Molto resta da chiarire su cosa sia esattamente successo quella notte, infatti esistono versioni dei fatti molto diverse. Il numero dei morti, ad esempio, varia da centinaia a migliaia di persone e molte famiglie delle vittime stanno ancora aspettando una spiegazione su ciò che è accaduto ai loro cari. Il governo cinese parlò inizialmente di 200 civili e 100 soldati morti, ma poi abbassò il numero di militari uccisi ad “alcune dozzine”. La CIA fece stima, invece, di 400–800 vittime. La Croce Rossa riferì 2.600 morti e 30 mila feriti. Le testimonianze di stranieri affermarono invece che furono uccise 3.000 persone.
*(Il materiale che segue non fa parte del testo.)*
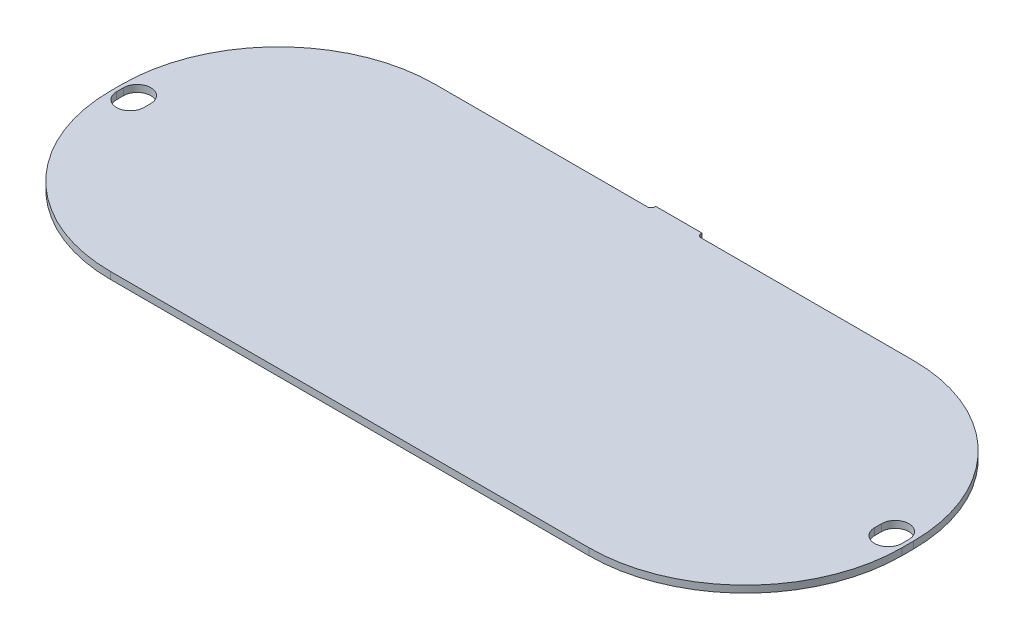
ISO-10303-21;
HEADER;
FILE_DESCRIPTION(('STEP AP214'),'2;1');
FILE_NAME('part.step','',(''),(''),'','','');
FILE_SCHEMA(('AUTOMOTIVE_DESIGN { 1 0 10303 214 1 1 1 1 }'));
ENDSEC;
DATA;
#1=APPLICATION_CONTEXT('core data for automotive mechanical design processes');
#2=APPLICATION_PROTOCOL_DEFINITION('international standard','automotive_design',2000,#1);
#3=PRODUCT_CONTEXT('',#1,'mechanical');
#4=PRODUCT('Part','Part','',(#3));
#5=PRODUCT_RELATED_PRODUCT_CATEGORY('part','',(#4));
#6=PRODUCT_DEFINITION_FORMATION('','',#4);
#7=PRODUCT_DEFINITION_CONTEXT('part definition',#1,'design');
#8=PRODUCT_DEFINITION('design','',#6,#7);
#9=PRODUCT_DEFINITION_SHAPE('','',#8);
#10=(LENGTH_UNIT() NAMED_UNIT(*) SI_UNIT(.MILLI.,.METRE.));
#11=(NAMED_UNIT(*) PLANE_ANGLE_UNIT() SI_UNIT($,.RADIAN.));
#12=(NAMED_UNIT(*) SI_UNIT($,.STERADIAN.) SOLID_ANGLE_UNIT());
#13=UNCERTAINTY_MEASURE_WITH_UNIT(LENGTH_MEASURE(1.E-05),#10,'distance_accuracy_value','');
#14=(GEOMETRIC_REPRESENTATION_CONTEXT(3) GLOBAL_UNCERTAINTY_ASSIGNED_CONTEXT((#13)) GLOBAL_UNIT_ASSIGNED_CONTEXT((#10,
#11,#12)) REPRESENTATION_CONTEXT('',''));
#15=CARTESIAN_POINT('',(0.,0.,0.));
#16=DIRECTION('',(0.,0.,1.));
#17=DIRECTION('',(1.,0.,0.));
#18=AXIS2_PLACEMENT_3D('',#15,#16,#17);
#19=CARTESIAN_POINT('',(-4.44493209671554,28.7074983767564,160.802926801223));
#20=DIRECTION('',(1.,0.,0.));
#21=DIRECTION('',(0.,0.,-1.));
#22=AXIS2_PLACEMENT_3D('',#19,#20,#21);
#23=PLANE('',#22);
#24=DIRECTION('',(0.,0.,-1.));
#25=VECTOR('',#24,1.);
#26=CARTESIAN_POINT('',(-4.44493209671554,28.7074983767564,161.025176801223));
#27=LINE('',#26,#25);
#28=CARTESIAN_POINT('',(-4.44493209671554,28.7074983767564,161.025176801223));
#29=VERTEX_POINT('',#28);
#30=CARTESIAN_POINT('',(-4.44493209671554,28.7074983767564,160.802926801223));
#31=VERTEX_POINT('',#30);
#32=EDGE_CURVE('E211',#29,#31,#27,.T.);
#33=ORIENTED_EDGE('',*,*,#32,.T.);
#34=DIRECTION('',(0.,1.,0.));
#35=VECTOR('',#34,1.);
#36=CARTESIAN_POINT('',(-4.44493209671554,28.7074983767564,160.802926801223));
#37=LINE('',#36,#35);
#38=CARTESIAN_POINT('',(-4.44493209671554,27.1834983767565,160.802926801223));
#39=VERTEX_POINT('',#38);
#40=EDGE_CURVE('E234',#31,#39,#37,.F.);
#41=ORIENTED_EDGE('',*,*,#40,.T.);
#42=DIRECTION('',(0.,0.,-1.));
#43=VECTOR('',#42,1.);
#44=CARTESIAN_POINT('',(-4.44493209671554,27.1834983767565,160.802926801223));
#45=LINE('',#44,#43);
#46=CARTESIAN_POINT('',(-4.44493209671554,27.1834983767565,161.025176801223));
#47=VERTEX_POINT('',#46);
#48=EDGE_CURVE('E212',#47,#39,#45,.T.);
#49=ORIENTED_EDGE('',*,*,#48,.F.);
#50=DIRECTION('',(0.,-1.,0.));
#51=VECTOR('',#50,1.);
#52=CARTESIAN_POINT('',(-4.44493209671554,28.7074983767564,161.025176801223));
#53=LINE('',#52,#51);
#54=EDGE_CURVE('E326',#47,#29,#53,.F.);
#55=ORIENTED_EDGE('',*,*,#54,.T.);
#56=EDGE_LOOP('',(#33,#41,#49,#55));
#57=FACE_BOUND('',#56,.T.);
#58=ADVANCED_FACE('F17',(#57),#23,.F.);
#59=CARTESIAN_POINT('',(5.71506790328447,28.7074983767564,160.802926801223));
#60=DIRECTION('',(-1.,0.,0.));
#61=DIRECTION('',(0.,0.,1.));
#62=AXIS2_PLACEMENT_3D('',#59,#60,#61);
#63=PLANE('',#62);
#64=DIRECTION('',(0.,0.,-1.));
#65=VECTOR('',#64,1.);
#66=CARTESIAN_POINT('',(5.71506790328447,28.7074983767564,161.025176801223));
#67=LINE('',#66,#65);
#68=CARTESIAN_POINT('',(5.71506790328447,28.7074983767564,160.802926801223));
#69=VERTEX_POINT('',#68);
#70=CARTESIAN_POINT('',(5.71506790328447,28.7074983767564,161.025176801223));
#71=VERTEX_POINT('',#70);
#72=EDGE_CURVE('E343',#69,#71,#67,.F.);
#73=ORIENTED_EDGE('',*,*,#72,.T.);
#74=DIRECTION('',(0.,-1.,0.));
#75=VECTOR('',#74,1.);
#76=CARTESIAN_POINT('',(5.71506790328447,28.7074983767564,161.025176801223));
#77=LINE('',#76,#75);
#78=CARTESIAN_POINT('',(5.71506790328447,27.1834983767565,161.025176801223));
#79=VERTEX_POINT('',#78);
#80=EDGE_CURVE('E207',#71,#79,#77,.T.);
#81=ORIENTED_EDGE('',*,*,#80,.T.);
#82=DIRECTION('',(0.,0.,1.));
#83=VECTOR('',#82,1.);
#84=CARTESIAN_POINT('',(5.71506790328447,27.1834983767565,160.802926801223));
#85=LINE('',#84,#83);
#86=CARTESIAN_POINT('',(5.71506790328447,27.1834983767565,160.802926801223));
#87=VERTEX_POINT('',#86);
#88=EDGE_CURVE('E208',#87,#79,#85,.T.);
#89=ORIENTED_EDGE('',*,*,#88,.F.);
#90=DIRECTION('',(0.,1.,0.));
#91=VECTOR('',#90,1.);
#92=CARTESIAN_POINT('',(5.71506790328447,28.7074983767564,160.802926801223));
#93=LINE('',#92,#91);
#94=EDGE_CURVE('E223',#87,#69,#93,.T.);
#95=ORIENTED_EDGE('',*,*,#94,.T.);
#96=EDGE_LOOP('',(#73,#81,#89,#95));
#97=FACE_BOUND('',#96,.T.);
#98=ADVANCED_FACE('F393',(#97),#63,.F.);
#99=CARTESIAN_POINT('',(-5.23868209671553,28.7074983767564,161.025176801223));
#100=DIRECTION('',(0.,-1.,0.));
#101=DIRECTION('',(0.,0.,-1.));
#102=AXIS2_PLACEMENT_3D('',#99,#100,#101);
#103=PLANE('',#102);
#104=CARTESIAN_POINT('',(-82.2959320967155,28.7074983767564,198.140926801223));
#105=DIRECTION('',(0.,1.,0.));
#106=DIRECTION('',(0.,0.,1.));
#107=AXIS2_PLACEMENT_3D('',#104,#105,#106);
#108=CIRCLE('',#107,2.9972);
#109=CARTESIAN_POINT('',(-79.2987320967155,28.7074983767564,198.140926801223));
#110=VERTEX_POINT('',#109);
#111=CARTESIAN_POINT('',(-85.2931320967155,28.7074983767564,198.140926801223));
#112=VERTEX_POINT('',#111);
#113=EDGE_CURVE('E293',#110,#112,#108,.F.);
#114=ORIENTED_EDGE('',*,*,#113,.T.);
#115=DIRECTION('',(0.,0.,1.));
#116=VECTOR('',#115,1.);
#117=CARTESIAN_POINT('',(-85.2931320967155,28.7074983767564,198.140926801223));
#118=LINE('',#117,#116);
#119=CARTESIAN_POINT('',(-85.2931320967155,28.7074983767564,196.616926801223));
#120=VERTEX_POINT('',#119);
#121=EDGE_CURVE('E302',#112,#120,#118,.F.);
#122=ORIENTED_EDGE('',*,*,#121,.T.);
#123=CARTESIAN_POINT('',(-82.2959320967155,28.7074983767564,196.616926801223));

La rivolta vide la partecipazione di studenti, intellettuali e operai. Il simbolo forse più noto della rivolta è il Rivoltoso Sconosciuto, uno studente che solo e disarmato si parò davanti a una colonna di carri armati per fermarli: le fotografie che lo ritraggono sono diventate celebri in tutto il mondo.
Ancora oggi nel mondo occidentale la protesta viene considerata un evento fondamentale e importantissimo del XX secolo, ma in Cina il solo parlarne è considerato un tabù.